Using the data that follows, say how many lines contain the word "centre", giving the number by itself.
==== DATA TO USE
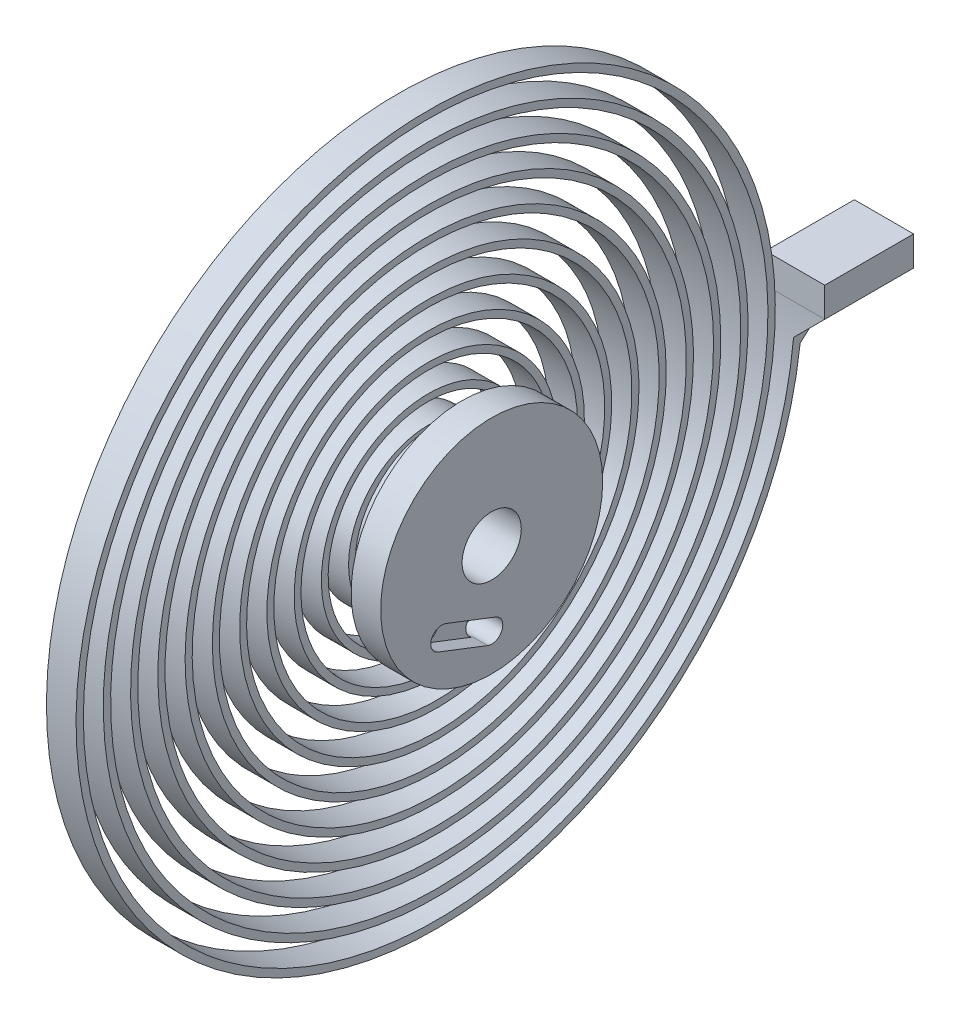
SolidWorks part; units mm, degrees
ref_plane "Front Plane" through (0, 0, 0) normal (0, 0, 1) x (1, 0, 0)
ref_plane "Top Plane" through (0, 0, 0) normal (0, 1, 0) x (1, 0, 0)
ref_plane "Right Plane" through (0, 0, 0) normal (1, 0, 0) x (0, 0, -1)
sketch "Sketch1" plane through (0, 0, 0) normal (1, 0, 0) x (0, 0, -1)
  circle A0 centre (0, 0) radius 25
  dimension "D1" = 50
curve "Helix/Spiral1"
sketch "Sketch4" plane through (0, 0, 0) normal (1, 0, 0) x (0, 0, -1)
  circle A0 centre (0, 0) radius 24.5
  circle A1 centre (0, 0) radius 25 construction
  dimension "D1" = 0.5
curve "Helix/Spiral4"
sketch "Sketch6" plane through (0, 0, 0) normal (1, 0, 0) x (0, 0, -1)
  line L0 (0.6081, 0) -> (-0.1316, 0)
  line L1 (25, 0) -> (24.5, 0)
  spline S0 degree 3 number of poles 498 (24.5, 0) -> (0.6081, 0) construction
  spline S1 degree 3 number of poles 498 (25, 0) -> (-0.1316, 0) construction
  spline S2 degree 3 number of poles 498 (24.5, 0) -> (0.6081, 0)
  spline S3 degree 3 number of poles 498 (25, 0) -> (-0.1316, 0)
extrude "Boss-Extrude2" add sketch "Sketch6" along normal blind 2 contours L0 S3 L1 S2
sketch "Sketch9" plane through (0, 0, 0) normal (0, 1, 0) x (1, 0, 0)
  line L1 (0, 24.5) -> (2, 24.5)
  line L2 (0, 24.5) -> (0, 30.5)
  line L3 (0, 30.5) -> (2, 30.5)
  line L4 (2, 24.5) -> (2, 30.5)
  dimension "D1" = 2
  dimension "D2" = 6
extrude "Boss-Extrude4" add sketch "Sketch9" along normal blind 2
sketch "Sketch12" plane through (2, 0, 0) normal (1, 0, 0) x (0, 0, -1)
  line L0 (24.5, 2) -> (24.5, 0)
  line L1 (24.5, 0) -> (24.3346, -2.5599)
  line L2 (24.8378, -2.5594) -> (27.75, 0)
  line L3 (25, 0) -> (30.5, 0) construction
  line L4 (27.75, 0) -> (27.75, 2)
  line L5 (24.5, 2) -> (30.5, 2) construction
  line L6 (27.75, 2) -> (24.5, 2)
  line L7 (24.5, 2) -> (17.0027, 2.0052)
  arc A0 (24.3346, -2.5599) -> (24.8378, -2.5594) centre (24.5825, 1.277) ccw
  spline S0 degree 3 number of poles 498 (24.5, 0) -> (0.6081, 0) construction
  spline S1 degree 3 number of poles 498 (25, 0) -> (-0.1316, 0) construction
========
■ **SOLUTION BELOW**:
4